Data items
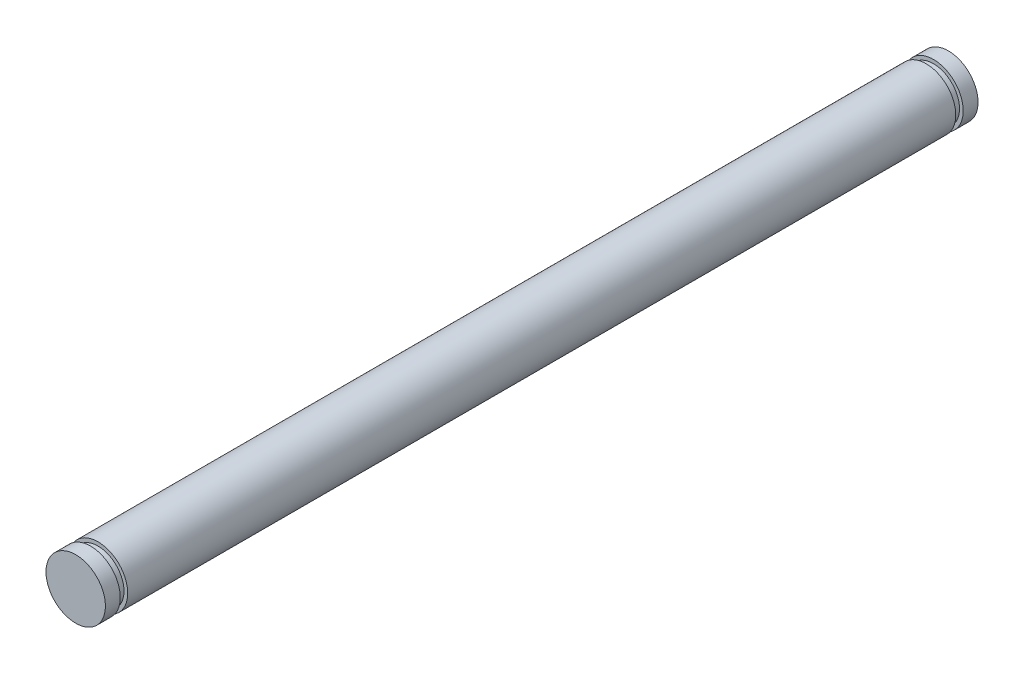
SolidWorks part; units mm, degrees
ref_plane "正面" through (0, 0, 0) normal (0, 0, 1) x (1, 0, 0)
ref_plane "平面" through (0, 0, 0) normal (0, 1, 0) x (1, 0, 0)
ref_plane "右側面" through (0, 0, 0) normal (1, 0, 0) x (0, 0, -1)
sketch "ｽｹｯﾁ1" plane through (0, 0, 0) normal (0, 0, 1) x (1, 0, 0)
  circle A0 centre (0, 0) radius 4
  dimension "D1" = 8
extrude "ﾎﾞｽ - 押し出し1" add sketch "ｽｹｯﾁ1" along normal blind 117.5
sketch "ｽｹｯﾁ2" plane through (0, 0, 0) normal (0, 1, 0) x (1, 0, 0)
  line L0 (4, -2) -> (3.5, -2)
  line L1 (4, -117.5) -> (4, 0) construction
  line L2 (3.5, -2) -> (3.5, -3)
  line L3 (3.5, -3) -> (4, -3)
  line L4 (4, -3) -> (4, -2)
  line L5 (-4.4, 0) -> (4.4, 0) construction
  line L6 (3.5, -114.5) -> (3.5, -115.5)
  line L7 (3.5, -115.5) -> (4, -115.5)
  line L8 (4, -115.5) -> (4, -114.5)
  line L9 (4, -114.5) -> (3.5, -114.5)
  line L10 (-4, -117.5) -> (4, -117.5) construction
  dimension "D1" = 2
  dimension "D2" = 1
  dimension "D3" = 0.5
  dimension "D4" = 2
  dimension "D5" = 1
  dimension "D6" = 0.5
ref_axis "軸1" through (0, 0, -5.875) along (0, 0, 1)
revolve "ｶｯﾄ - 回転1" cut sketch "ｽｹｯﾁ2" angle 360 about axis through (0, 0, 117.5) along (0, 0, -1)
equation "\"shaft_length\"= 117.5"
equation "\"D1@ﾎﾞｽ - 押し出し1\"=\"shaft_length\""

> _REQUIRED WORK_
If any image appears in the entries, omit it and return the rest verbatim.

> _RESPONSE TO THE TASK_
SolidWorks part; units mm, degrees
ref_plane "正面" through (0, 0, 0) normal (0, 0, 1) x (1, 0, 0)
ref_plane "平面" through (0, 0, 0) normal (0, 1, 0) x (1, 0, 0)
ref_plane "右側面" through (0, 0, 0) normal (1, 0, 0) x (0, 0, -1)
sketch "ｽｹｯﾁ1" plane through (0, 0, 0) normal (0, 0, 1) x (1, 0, 0)
  circle A0 centre (0, 0) radius 4
  dimension "D1" = 8
extrude "ﾎﾞｽ - 押し出し1" add sketch "ｽｹｯﾁ1" along normal blind 117.5
sketch "ｽｹｯﾁ2" plane through (0, 0, 0) normal (0, 1, 0) x (1, 0, 0)
  line L0 (4, -2) -> (3.5, -2)
  line L1 (4, -117.5) -> (4, 0) construction
  line L2 (3.5, -2) -> (3.5, -3)
  line L3 (3.5, -3) -> (4, -3)
  line L4 (4, -3) -> (4, -2)
  line L5 (-4.4, 0) -> (4.4, 0) construction
  line L6 (3.5, -114.5) -> (3.5, -115.5)
  line L7 (3.5, -115.5) -> (4, -115.5)
  line L8 (4, -115.5) -> (4, -114.5)
  line L9 (4, -114.5) -> (3.5, -114.5)
  line L10 (-4, -117.5) -> (4, -117.5) construction
  dimension "D1" = 2
  dimension "D2" = 1
  dimension "D3" = 0.5
  dimension "D4" = 2
  dimension "D5" = 1
  dimension "D6" = 0.5
ref_axis "軸1" through (0, 0, -5.875) along (0, 0, 1)
revolve "ｶｯﾄ - 回転1" cut sketch "ｽｹｯﾁ2" angle 360 about axis through (0, 0, 117.5) along (0, 0, -1)
equation "\"shaft_length\"= 117.5"
equation "\"D1@ﾎﾞｽ - 押し出し1\"=\"shaft_length\""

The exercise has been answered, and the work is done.